_Try it_
Only the lines from the one containing "2.1324), (-1.9794, 2.1324)])" to the end of the entries should be written out, each exactly as it stands, both ends included.

_Source records_
===============

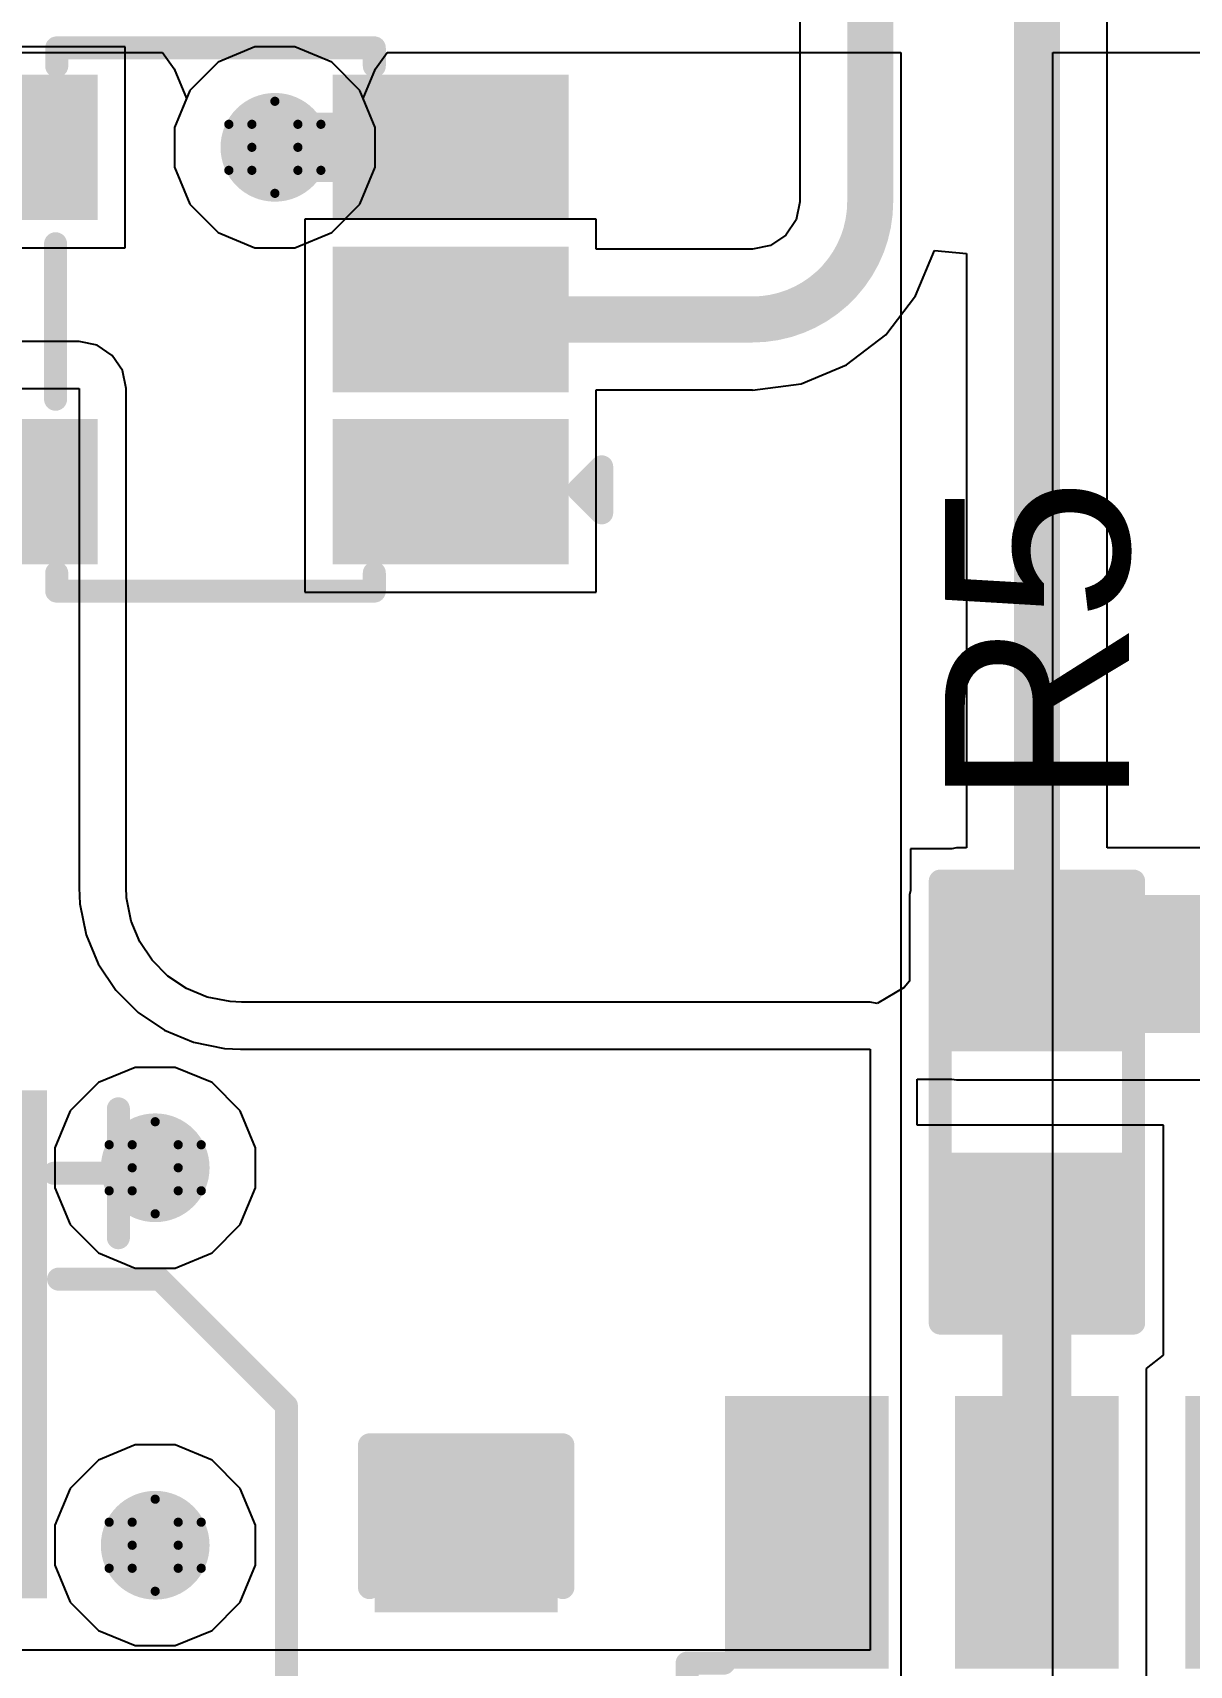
# Model space of a CAD drawing. Header units: inches. Extents: x 24 to 500, y 68 to 269.
# Drawn here: x 284.57 to 290.95, y 92.95 to 101.96 of the extents above; entities that cross this region are included whole.
import ezdxf

# ---------------------------------------------------------------- set-up
doc = ezdxf.new("R2010")
doc.units = ezdxf.units.IN
for name, color, linetype in [('Bottom Layer', 5, 'Continuous'), ('Drill Drawing', 1, 'Continuous'), ('Layer 1', 16, 'Continuous'), ('Layer 2', 76, 'Continuous'), ('Top Layer', 1, 'Continuous'), ('Top Overlay', 2, 'Continuous'), ('Top Paste', 8, 'Continuous'), ('Top Solder', 216, 'Continuous'), ('Via Holes', 16, 'Continuous')]:
    doc.layers.add(name, color=color, linetype=linetype)
doc.styles.add('Arial', font='', dxfattribs={"height": 0.2})
doc.styles.get('Arial').set_extended_font_data('Arial')

# ---------------------------------------------------------------- blocks, each defined once
blk = doc.blocks.new('R___0603_48')
at = {"layer": 'Top Layer'}
for points in [[(-0.381, 0.4445), (-0.381, -0.4445), (-1.143, -0.4445), (-1.143, 0.4445)], [(1.143, 0.4445), (1.143, -0.4445), (0.381, -0.4445), (0.381, 0.4445)]]:
    blk.add_hatch(color=1, dxfattribs=at).paths.add_polyline_path(points)
at = {"layer": 'Top Paste'}
for points in [[(-0.381, 0.4445), (-0.381, -0.4445), (-1.143, -0.4445), (-1.143, 0.4445)], [(1.143, 0.4445), (1.143, -0.4445), (0.381, -0.4445), (0.381, 0.4445)]]:
    blk.add_hatch(color=8, dxfattribs=at).paths.add_polyline_path(points)
at = {"layer": 'Top Solder'}
for points in [[(-0.2794, 0.5461), (-0.2794, -0.5461), (-1.2446, -0.5461), (-1.2446, 0.5461)], [(1.2446, 0.5461), (1.2446, -0.5461), (0.2794, -0.5461), (0.2794, 0.5461)]]:
    blk.add_hatch(color=216, dxfattribs=at).paths.add_polyline_path(points)
at = {"layer": 'Top Overlay'}
for points in [[(-1.2192, 0.5334, 0.127, 0.127, 0), (1.2192, 0.5334, 0.127, 0.127, 0)], [(-1.2192, 0.5334, 0.127, 0.127, 0), (-1.2192, -0.5334, 0.127, 0.127, 0)], [(1.2192, 0.5334, 0.127, 0.127, 0), (1.2192, -0.5334, 0.127, 0.127, 0)], [(-1.2192, -0.5334, 0.127, 0.127, 0), (1.2192, -0.5334, 0.127, 0.127, 0)]]:
    blk.add_lwpolyline(points, format="xyseb", dxfattribs=at)
for points in [[(-1.251, 0.5334, 0.0635, 0.0635, 1), (-1.1874, 0.5334, 0.0635, 0.0635, 1)], [(-1.251, 0.5334, 0.0635, 0.0635, 1), (-1.1874, 0.5334, 0.0635, 0.0635, 1)], [(1.1874, 0.5334, 0.0635, 0.0635, 1), (1.251, 0.5334, 0.0635, 0.0635, 1)], [(1.1874, 0.5334, 0.0635, 0.0635, 1), (1.251, 0.5334, 0.0635, 0.0635, 1)], [(-1.251, -0.5334, 0.0635, 0.0635, 1), (-1.1874, -0.5334, 0.0635, 0.0635, 1)], [(-1.251, -0.5334, 0.0635, 0.0635, 1), (-1.1874, -0.5334, 0.0635, 0.0635, 1)], [(1.1874, -0.5334, 0.0635, 0.0635, 1), (1.251, -0.5334, 0.0635, 0.0635, 1)], [(1.1874, -0.5334, 0.0635, 0.0635, 1), (1.251, -0.5334, 0.0635, 0.0635, 1)]]:
    blk.add_lwpolyline(points, format="xyseb", close=True, dxfattribs=at)
blk = doc.blocks.new('C___0603_63')
at = {"layer": 'Top Layer'}
for points in [[(-0.381, 0.4445), (-0.381, -0.4445), (-1.143, -0.4445), (-1.143, 0.4445)], [(1.143, 0.4445), (1.143, -0.4445), (0.381, -0.4445), (0.381, 0.4445)]]:
    blk.add_hatch(color=1, dxfattribs=at).paths.add_polyline_path(points)
at = {"layer": 'Top Paste'}
for points in [[(-0.381, 0.4445), (-0.381, -0.4445), (-1.143, -0.4445), (-1.143, 0.4445)], [(1.143, 0.4445), (1.143, -0.4445), (0.381, -0.4445), (0.381, 0.4445)]]:
    blk.add_hatch(color=8, dxfattribs=at).paths.add_polyline_path(points)
at = {"layer": 'Top Solder'}
for points in [[(-0.321, 0.5045), (-0.321, -0.5045), (-1.203, -0.5045), (-1.203, 0.5045)], [(1.203, 0.5045), (1.203, -0.5045), (0.321, -0.5045), (0.321, 0.5045)]]:
    blk.add_hatch(color=216, dxfattribs=at).paths.add_polyline_path(points)
at = {"layer": 'Top Overlay'}
for points in [[(-0.4572, 0.5334, 0.127, 0.127, 0), (-1.2446, 0.5334, 0.127, 0.127, 0)], [(-1.2446, -0.5334, 0.127, 0.127, 0), (-1.2446, 0.5334, 0.127, 0.127, 0)], [(1.2446, 0.5334, 0.127, 0.127, 0), (0.4572, 0.5334, 0.127, 0.127, 0)], [(1.2446, -0.5334, 0.127, 0.127, 0), (1.2446, 0.5334, 0.127, 0.127, 0)], [(-0.4572, -0.5334, 0.127, 0.127, 0), (-1.2446, -0.5334, 0.127, 0.127, 0)], [(1.2446, -0.5334, 0.127, 0.127, 0), (0.4572, -0.5334, 0.127, 0.127, 0)]]:
    blk.add_lwpolyline(points, format="xyseb", dxfattribs=at)
for points in [[(-1.2764, 0.5334, 0.0635, 0.0635, 1), (-1.2129, 0.5334, 0.0635, 0.0635, 1)], [(-1.2764, 0.5334, 0.0635, 0.0635, 1), (-1.2129, 0.5334, 0.0635, 0.0635, 1)], [(-0.489, 0.5334, 0.0635, 0.0635, 1), (-0.4255, 0.5334, 0.0635, 0.0635, 1)], [(0.4254, 0.5334, 0.0635, 0.0635, 1), (0.4889, 0.5334, 0.0635, 0.0635, 1)], [(1.2128, 0.5334, 0.0635, 0.0635, 1), (1.2763, 0.5334, 0.0635, 0.0635, 1)], [(1.2128, 0.5334, 0.0635, 0.0635, 1), (1.2763, 0.5334, 0.0635, 0.0635, 1)], [(-1.2764, -0.5334, 0.0635, 0.0635, 1), (-1.2129, -0.5334, 0.0635, 0.0635, 1)], [(-1.2764, -0.5334, 0.0635, 0.0635, 1), (-1.2129, -0.5334, 0.0635, 0.0635, 1)], [(-0.489, -0.5334, 0.0635, 0.0635, 1), (-0.4255, -0.5334, 0.0635, 0.0635, 1)], [(0.4254, -0.5334, 0.0635, 0.0635, 1), (0.4889, -0.5334, 0.0635, 0.0635, 1)], [(1.2128, -0.5334, 0.0635, 0.0635, 1), (1.2763, -0.5334, 0.0635, 0.0635, 1)], [(1.2128, -0.5334, 0.0635, 0.0635, 1), (1.2763, -0.5334, 0.0635, 0.0635, 1)]]:
    blk.add_lwpolyline(points, format="xyseb", close=True, dxfattribs=at)
blk = doc.blocks.new('RVT1E100M0405__64')
at = {"layer": 'Top Layer'}
for points in [[(-3.1, 0.8), (-0.5, 0.8), (-0.5, -0.8), (-3.1, -0.8)], [(0.5, 0.8), (3.1, 0.8), (3.1, -0.8), (0.5, -0.8)]]:
    blk.add_hatch(color=1, dxfattribs=at).paths.add_polyline_path(points)
at = {"layer": 'Top Paste'}
for points in [[(-3.1, 0.8), (-0.5, 0.8), (-0.5, -0.8), (-3.1, -0.8)], [(0.5, 0.8), (3.1, 0.8), (3.1, -0.8), (0.5, -0.8)]]:
    blk.add_hatch(color=8, dxfattribs=at).paths.add_polyline_path(points)
at = {"layer": 'Top Solder'}
for points in [[(-3.2016, 0.9016), (-0.3984, 0.9016), (-0.3984, -0.9016), (-3.2016, -0.9016)], [(0.3984, 0.9016), (3.2016, 0.9016), (3.2016, -0.9016), (0.3984, -0.9016)]]:
    blk.add_hatch(color=216, dxfattribs=at).paths.add_polyline_path(points)
at = {"layer": 'Top Overlay'}
for points in [[(-2.159, 1.524, 0.127, 0.127, 0), (-1.4605, 2.2225, 0.127, 0.127, 0)], [(-1.27, 2.2225, 0.127, 0.127, 0), (-1.4605, 2.2225, 0.127, 0.127, 0)], [(2.159, 2.2225, 0.127, 0.127, 0), (-1.27, 2.2225, 0.127, 0.127, 0)], [(2.159, 0.9906, 0.127, 0.127, 0), (2.159, 2.2225, 0.127, 0.127, 0)], [(-2.7432, 0.9398, 0.127, 0.127, 0), (-2.7432, 1.651, 0.127, 0.127, 0)], [(-2.159, 0.9652, 0.127, 0.127, 0), (-2.159, 1.524, 0.127, 0.127, 0)], [(-2.3876, 1.2954, 0.127, 0.127, 0), (-3.0988, 1.2954, 0.127, 0.127, 0)], [(-2.159, -1.524, 0.127, 0.127, 0), (-2.159, -0.9652, 0.127, 0.127, 0)], [(2.159, -2.2225, 0.127, 0.127, 0), (2.159, -0.9906, 0.127, 0.127, 0)], [(-1.4605, -2.2225, 0.127, 0.127, 0), (-2.159, -1.524, 0.127, 0.127, 0)], [(-1.27, -2.2225, 0.127, 0.127, 0), (-1.4605, -2.2225, 0.127, 0.127, 0)], [(2.159, -2.2225, 0.127, 0.127, 0), (-1.27, -2.2225, 0.127, 0.127, 0)]]:
    blk.add_lwpolyline(points, format="xyseb", dxfattribs=at)
for points in [[(-1.4923, 2.2225, 0.0635, 0.0635, 1), (-1.4288, 2.2225, 0.0635, 0.0635, 1)], [(-1.4923, 2.2225, 0.0635, 0.0635, 1), (-1.4288, 2.2225, 0.0635, 0.0635, 1)], [(-1.3018, 2.2225, 0.0635, 0.0635, 1), (-1.2383, 2.2225, 0.0635, 0.0635, 1)], [(-1.3018, 2.2225, 0.0635, 0.0635, 1), (-1.2383, 2.2225, 0.0635, 0.0635, 1)], [(2.1272, 2.2225, 0.0635, 0.0635, 1), (2.1907, 2.2225, 0.0635, 0.0635, 1)], [(2.1272, 2.2225, 0.0635, 0.0635, 1), (2.1907, 2.2225, 0.0635, 0.0635, 1)], [(-2.775, 1.651, 0.0635, 0.0635, 1), (-2.7115, 1.651, 0.0635, 0.0635, 1)], [(-2.1908, 1.524, 0.0635, 0.0635, 1), (-2.1273, 1.524, 0.0635, 0.0635, 1)], [(-2.1908, 1.524, 0.0635, 0.0635, 1), (-2.1273, 1.524, 0.0635, 0.0635, 1)], [(-3.1306, 1.2954, 0.0635, 0.0635, 1), (-3.0671, 1.2954, 0.0635, 0.0635, 1)], [(-2.4194, 1.2954, 0.0635, 0.0635, 1), (-2.3559, 1.2954, 0.0635, 0.0635, 1)], [(-2.775, 0.9398, 0.0635, 0.0635, 1), (-2.7115, 0.9398, 0.0635, 0.0635, 1)], [(-2.1908, 0.9652, 0.0635, 0.0635, 1), (-2.1273, 0.9652, 0.0635, 0.0635, 1)], [(2.1272, 0.9906, 0.0635, 0.0635, 1), (2.1907, 0.9906, 0.0635, 0.0635, 1)], [(-2.1908, -0.9652, 0.0635, 0.0635, 1), (-2.1273, -0.9652, 0.0635, 0.0635, 1)], [(2.1272, -0.9906, 0.0635, 0.0635, 1), (2.1907, -0.9906, 0.0635, 0.0635, 1)], [(-2.1908, -1.524, 0.0635, 0.0635, 1), (-2.1273, -1.524, 0.0635, 0.0635, 1)], [(-2.1908, -1.524, 0.0635, 0.0635, 1), (-2.1273, -1.524, 0.0635, 0.0635, 1)], [(-1.4923, -2.2225, 0.0635, 0.0635, 1), (-1.4288, -2.2225, 0.0635, 0.0635, 1)], [(-1.4923, -2.2225, 0.0635, 0.0635, 1), (-1.4288, -2.2225, 0.0635, 0.0635, 1)], [(-1.3018, -2.2225, 0.0635, 0.0635, 1), (-1.2383, -2.2225, 0.0635, 0.0635, 1)], [(-1.3018, -2.2225, 0.0635, 0.0635, 1), (-1.2383, -2.2225, 0.0635, 0.0635, 1)], [(2.1272, -2.2225, 0.0635, 0.0635, 1), (2.1907, -2.2225, 0.0635, 0.0635, 1)], [(2.1272, -2.2225, 0.0635, 0.0635, 1), (2.1907, -2.2225, 0.0635, 0.0635, 1)]]:
    blk.add_lwpolyline(points, format="xyseb", close=True, dxfattribs=at)
blk = doc.blocks.new('SOT_23_5_70')
at = {"layer": 'Top Layer'}
for points in [[(-1.85, 1.25), (-0.75, 1.25), (-0.75, 0.65), (-1.85, 0.65)], [(0.75, 1.25), (1.85, 1.25), (1.85, 0.65), (0.75, 0.65)], [(-1.85, 0.3), (-0.75, 0.3), (-0.75, -0.3), (-1.85, -0.3)], [(-1.85, -0.65), (-0.75, -0.65), (-0.75, -1.25), (-1.85, -1.25)], [(0.75, -0.65), (1.85, -0.65), (1.85, -1.25), (0.75, -1.25)]]:
    blk.add_hatch(color=1, dxfattribs=at).paths.add_polyline_path(points)
at = {"layer": 'Top Paste'}
for points in [[(-1.85, 1.25), (-0.75, 1.25), (-0.75, 0.65), (-1.85, 0.65)], [(0.75, 1.25), (1.85, 1.25), (1.85, 0.65), (0.75, 0.65)], [(-1.85, 0.3), (-0.75, 0.3), (-0.75, -0.3), (-1.85, -0.3)], [(-1.85, -0.65), (-0.75, -0.65), (-0.75, -1.25), (-1.85, -1.25)], [(0.75, -0.65), (1.85, -0.65), (1.85, -1.25), (0.75, -1.25)]]:
    blk.add_hatch(color=8, dxfattribs=at).paths.add_polyline_path(points)
at = {"layer": 'Top Solder'}
for points in [[(-1.9516, 1.3516), (-0.6484, 1.3516), (-0.6484, 0.5484), (-1.9516, 0.5484)], [(0.6484, 1.3516), (1.9516, 1.3516), (1.9516, 0.5484), (0.6484, 0.5484)], [(-1.9516, 0.4016), (-0.6484, 0.4016), (-0.6484, -0.4016), (-1.9516, -0.4016)], [(-1.9516, -0.5484), (-0.6484, -0.5484), (-0.6484, -1.3516), (-1.9516, -1.3516)], [(0.6484, -0.5484), (1.9516, -0.5484), (1.9516, -1.3516), (0.6484, -1.3516)]]:
    blk.add_hatch(color=216, dxfattribs=at).paths.add_polyline_path(points)
at = {"layer": 'Top Overlay'}
for points in [[(-0.879, 1.4986, 0.127, 0.127, 0), (-0.879, 1.3986, 0.127, 0.127, 0)], [(0.8736, 1.4986, 0.127, 0.127, 0), (-0.879, 1.4986, 0.127, 0.127, 0)], [(0.8736, 1.4986, 0.127, 0.127, 0), (0.8736, 1.3986, 0.127, 0.127, 0)], [(-2.1336, 1.0668, 0.127, 0.127, 0), (-2.1336, 0.8128, 0.127, 0.127, 0)], [(-2.0066, 0.9398, 0.127, 0.127, 0), (-2.1336, 1.0668, 0.127, 0.127, 0)], [(-2.0066, 0.9398, 0.127, 0.127, 0), (-2.1336, 0.8128, 0.127, 0.127, 0)], [(0.88, 0.44, 0.127, 0.127, 0), (0.88, -0.418, 0.127, 0.127, 0)], [(-0.879, -1.3986, 0.127, 0.127, 0), (-0.879, -1.4986, 0.127, 0.127, 0)], [(0.8736, -1.3986, 0.127, 0.127, 0), (0.8736, -1.4986, 0.127, 0.127, 0)], [(0.8736, -1.4986, 0.127, 0.127, 0), (-0.879, -1.4986, 0.127, 0.127, 0)]]:
    blk.add_lwpolyline(points, format="xyseb", dxfattribs=at)
for points in [[(-0.9107, 1.4986, 0.0635, 0.0635, 1), (-0.8472, 1.4986, 0.0635, 0.0635, 1)], [(-0.9107, 1.4986, 0.0635, 0.0635, 1), (-0.8472, 1.4986, 0.0635, 0.0635, 1)], [(0.8419, 1.4986, 0.0635, 0.0635, 1), (0.9054, 1.4986, 0.0635, 0.0635, 1)], [(0.8419, 1.4986, 0.0635, 0.0635, 1), (0.9054, 1.4986, 0.0635, 0.0635, 1)], [(-0.9107, 1.3986, 0.0635, 0.0635, 1), (-0.8472, 1.3986, 0.0635, 0.0635, 1)], [(0.8419, 1.3986, 0.0635, 0.0635, 1), (0.9054, 1.3986, 0.0635, 0.0635, 1)], [(-2.1654, 1.0668, 0.0635, 0.0635, 1), (-2.1019, 1.0668, 0.0635, 0.0635, 1)], [(-2.1654, 1.0668, 0.0635, 0.0635, 1), (-2.1019, 1.0668, 0.0635, 0.0635, 1)], [(-2.0383, 0.9398, 0.0635, 0.0635, 1), (-1.9748, 0.9398, 0.0635, 0.0635, 1)], [(-2.0383, 0.9398, 0.0635, 0.0635, 1), (-1.9748, 0.9398, 0.0635, 0.0635, 1)], [(-2.1654, 0.8128, 0.0635, 0.0635, 1), (-2.1019, 0.8128, 0.0635, 0.0635, 1)], [(-2.1654, 0.8128, 0.0635, 0.0635, 1), (-2.1019, 0.8128, 0.0635, 0.0635, 1)], [(0.8483, 0.44, 0.0635, 0.0635, 1), (0.9118, 0.44, 0.0635, 0.0635, 1)], [(0.8483, -0.418, 0.0635, 0.0635, 1), (0.9118, -0.418, 0.0635, 0.0635, 1)], [(-0.9107, -1.3986, 0.0635, 0.0635, 1), (-0.8472, -1.3986, 0.0635, 0.0635, 1)], [(0.8419, -1.3986, 0.0635, 0.0635, 1), (0.9054, -1.3986, 0.0635, 0.0635, 1)], [(-0.9107, -1.4986, 0.0635, 0.0635, 1), (-0.8472, -1.4986, 0.0635, 0.0635, 1)], [(-0.9107, -1.4986, 0.0635, 0.0635, 1), (-0.8472, -1.4986, 0.0635, 0.0635, 1)], [(0.8419, -1.4986, 0.0635, 0.0635, 1), (0.9054, -1.4986, 0.0635, 0.0635, 1)], [(0.8419, -1.4986, 0.0635, 0.0635, 1), (0.9054, -1.4986, 0.0635, 0.0635, 1)]]:
    blk.add_lwpolyline(points, format="xyseb", close=True, dxfattribs=at)
blk = doc.blocks.new('SOP_8_77')
at = {"layer": 'Top Layer'}
for points in [[(-3.4, 2.255), (-2.1, 2.255), (-2.1, 1.555), (-3.4, 1.555)], [(2.1, 2.255), (3.4, 2.255), (3.4, 1.555), (2.1, 1.555)], [(-3.4, 0.985), (-2.1, 0.985), (-2.1, 0.285), (-3.4, 0.285)], [(2.1, 0.985), (3.4, 0.985), (3.4, 0.285), (2.1, 0.285)], [(-3.4, -0.285), (-2.1, -0.285), (-2.1, -0.985), (-3.4, -0.985)], [(2.1, -0.285), (3.4, -0.285), (3.4, -0.985), (2.1, -0.985)], [(-3.4, -1.555), (-2.1, -1.555), (-2.1, -2.255), (-3.4, -2.255)], [(2.1, -1.555), (3.4, -1.555), (3.4, -2.255), (2.1, -2.255)]]:
    blk.add_hatch(color=1, dxfattribs=at).paths.add_polyline_path(points)
at = {"layer": 'Top Overlay'}
blk.add_hatch(color=2, dxfattribs=at).paths.add_polyline_path([(-1.9794, 1.472), (-1.7, 1.472), (-1.7, 2.1324), (-1.9794, 2.1324)])
at = {"layer": 'Top Paste'}
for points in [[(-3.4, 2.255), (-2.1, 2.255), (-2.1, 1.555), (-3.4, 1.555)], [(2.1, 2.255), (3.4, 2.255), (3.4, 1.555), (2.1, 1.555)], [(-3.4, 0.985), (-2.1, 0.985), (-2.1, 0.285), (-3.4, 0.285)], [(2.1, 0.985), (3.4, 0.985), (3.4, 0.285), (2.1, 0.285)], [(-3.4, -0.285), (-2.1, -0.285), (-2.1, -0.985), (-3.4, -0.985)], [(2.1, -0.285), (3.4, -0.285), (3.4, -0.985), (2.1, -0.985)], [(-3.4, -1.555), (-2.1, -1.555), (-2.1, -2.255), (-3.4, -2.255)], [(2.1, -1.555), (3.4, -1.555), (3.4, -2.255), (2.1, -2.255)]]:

===============

_Output of the task_
blk.add_hatch(color=2, dxfattribs=at).paths.add_polyline_path([(-1.9794, 1.472), (-1.7, 1.472), (-1.7, 2.1324), (-1.9794, 2.1324)])
at = {"layer": 'Top Paste'}
for points in [[(-3.4, 2.255), (-2.1, 2.255), (-2.1, 1.555), (-3.4, 1.555)], [(2.1, 2.255), (3.4, 2.255), (3.4, 1.555), (2.1, 1.555)], [(-3.4, 0.985), (-2.1, 0.985), (-2.1, 0.285), (-3.4, 0.285)], [(2.1, 0.985), (3.4, 0.985), (3.4, 0.285), (2.1, 0.285)], [(-3.4, -0.285), (-2.1, -0.285), (-2.1, -0.985), (-3.4, -0.985)], [(2.1, -0.285), (3.4, -0.285), (3.4, -0.985), (2.1, -0.985)], [(-3.4, -1.555), (-2.1, -1.555), (-2.1, -2.255), (-3.4, -2.255)], [(2.1, -1.555), (3.4, -1.555), (3.4, -2.255), (2.1, -2.255)]]:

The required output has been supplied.